02.01.03 SPEED SIGNAL: HP TURBINE (PERCENT)
ALGORITHM: PR_MEAS TNH ELEM SH: 42M
THE TNH_PR SIGNAL IS RESCALED TO PERCENT OF RUNNING SPEED AT LINE FREQUENCY,
THE GOVERNOR SPEED, TNH.5728, B15
(ADJUST TNKH2 FOR 26214, B15 AT LINE FREQUENCY)
SPEED %SPEED COUNTS CONSTANT NAME
5106* 100 26214, B15 TNKH2
6381 125 32767, B15 TNKH3
*NOTE: TNKH2= ---------------------
RATED TURBINE SPEED (WHERE: SPEED = RPM)
CONSTANT K VALUE UNITS DESCRIPTION
TNKH2 K 11551 CNT 15
TNKH3 K -2 CNT 15
The section you provided seems to be from a very early Mark IV Control Specification. The Mark IV used fixed point math, and the documentation was very cryptic and could be confusing. Fixed point math requires the use of shifts to keep the binary maths and the decimal maths "together."
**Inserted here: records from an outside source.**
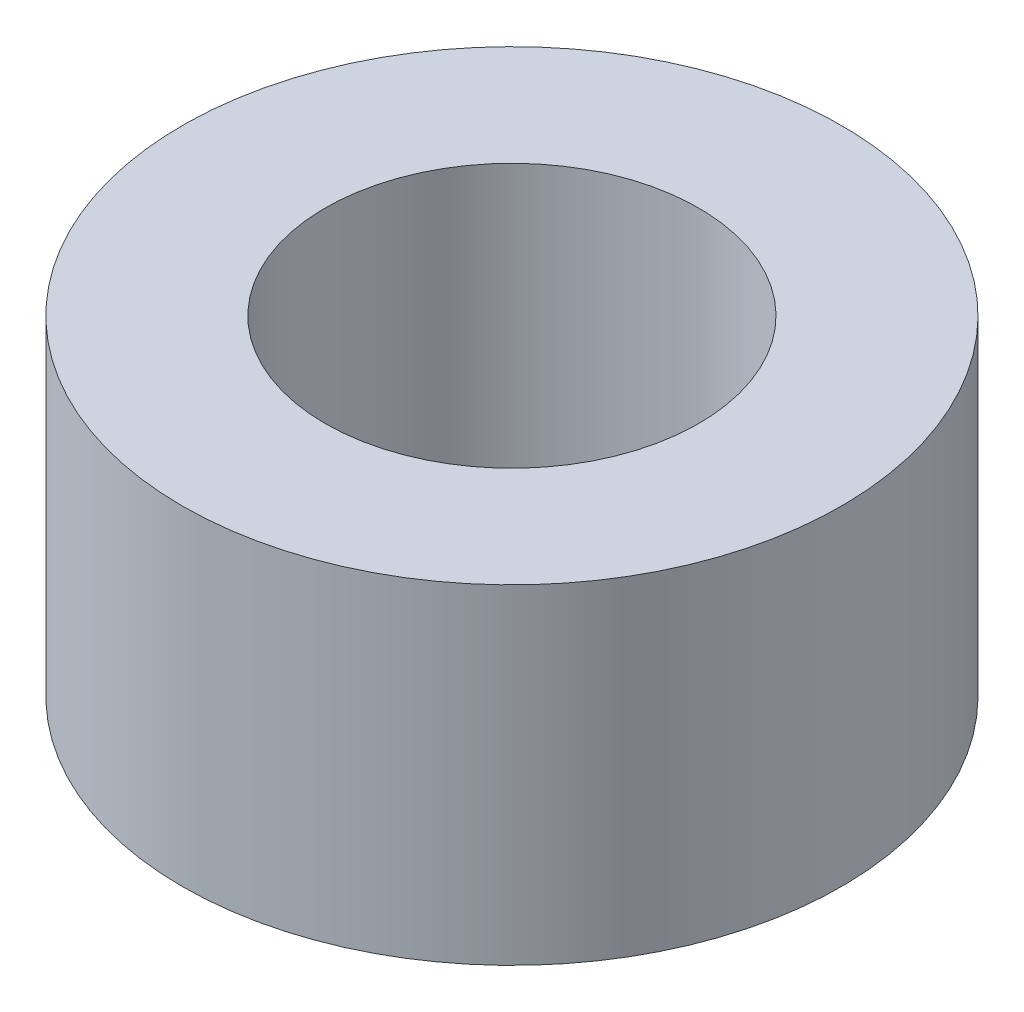
from build123d import *

# Parameters (mm, degrees)
SKETCH1_R           = 3
SKETCH1_R_2         = 1.7
BOSS_EXTRUDE1_DEPTH = 3


with BuildPart() as part:
    # Sketch1 → Boss-Extrude1 (new body)
    with BuildSketch(Plane(origin=(0, 0, 0), x_dir=(1, 0, 0), z_dir=(0, 1, 0))):
        Circle(SKETCH1_R)
        Circle(SKETCH1_R_2, mode=Mode.SUBTRACT)
    extrude(amount=BOSS_EXTRUDE1_DEPTH)


solid = part.part

I found it best to ignore the "extra" binary scaling information and shifts. Since we can't "see" what's going on in the binary maths (which is what the Mark IV actually uses) unless you are trying to write new code/rungs which use maths it's best to just presume the Mark IV microprocessors are doing the binary maths correctly (which it always does).
Use your preferred Internet search engine to look for information on fixed point binary maths if you want to pursue the matter further. It would consume a small text book to try to explain it here, and I'm sure there are better (and worse) explanations on the World Wide Web.
The Mark IV uses fixed-point mathematics. Not floating-point point maths we are most accustomed.
Because the Mark IV was an early digital control system thr designers decided to describe the binary information for many control signal values, because troubleshooting without that information is very difficult.
The really great news is that the Mark IV and Mark V (which also used fixed-point maths) we're both very well designed and didn't (don't) need the level of troubleshooting they designers anticipated.
You can find all sorts of information on the World Wide Web about fixed-point maths. There is also a very good description of fixed-point maths in the Mark V Application Manual, GEH-6195, which can be downloaded from many sites on the World Wide Web.
Hope this helps.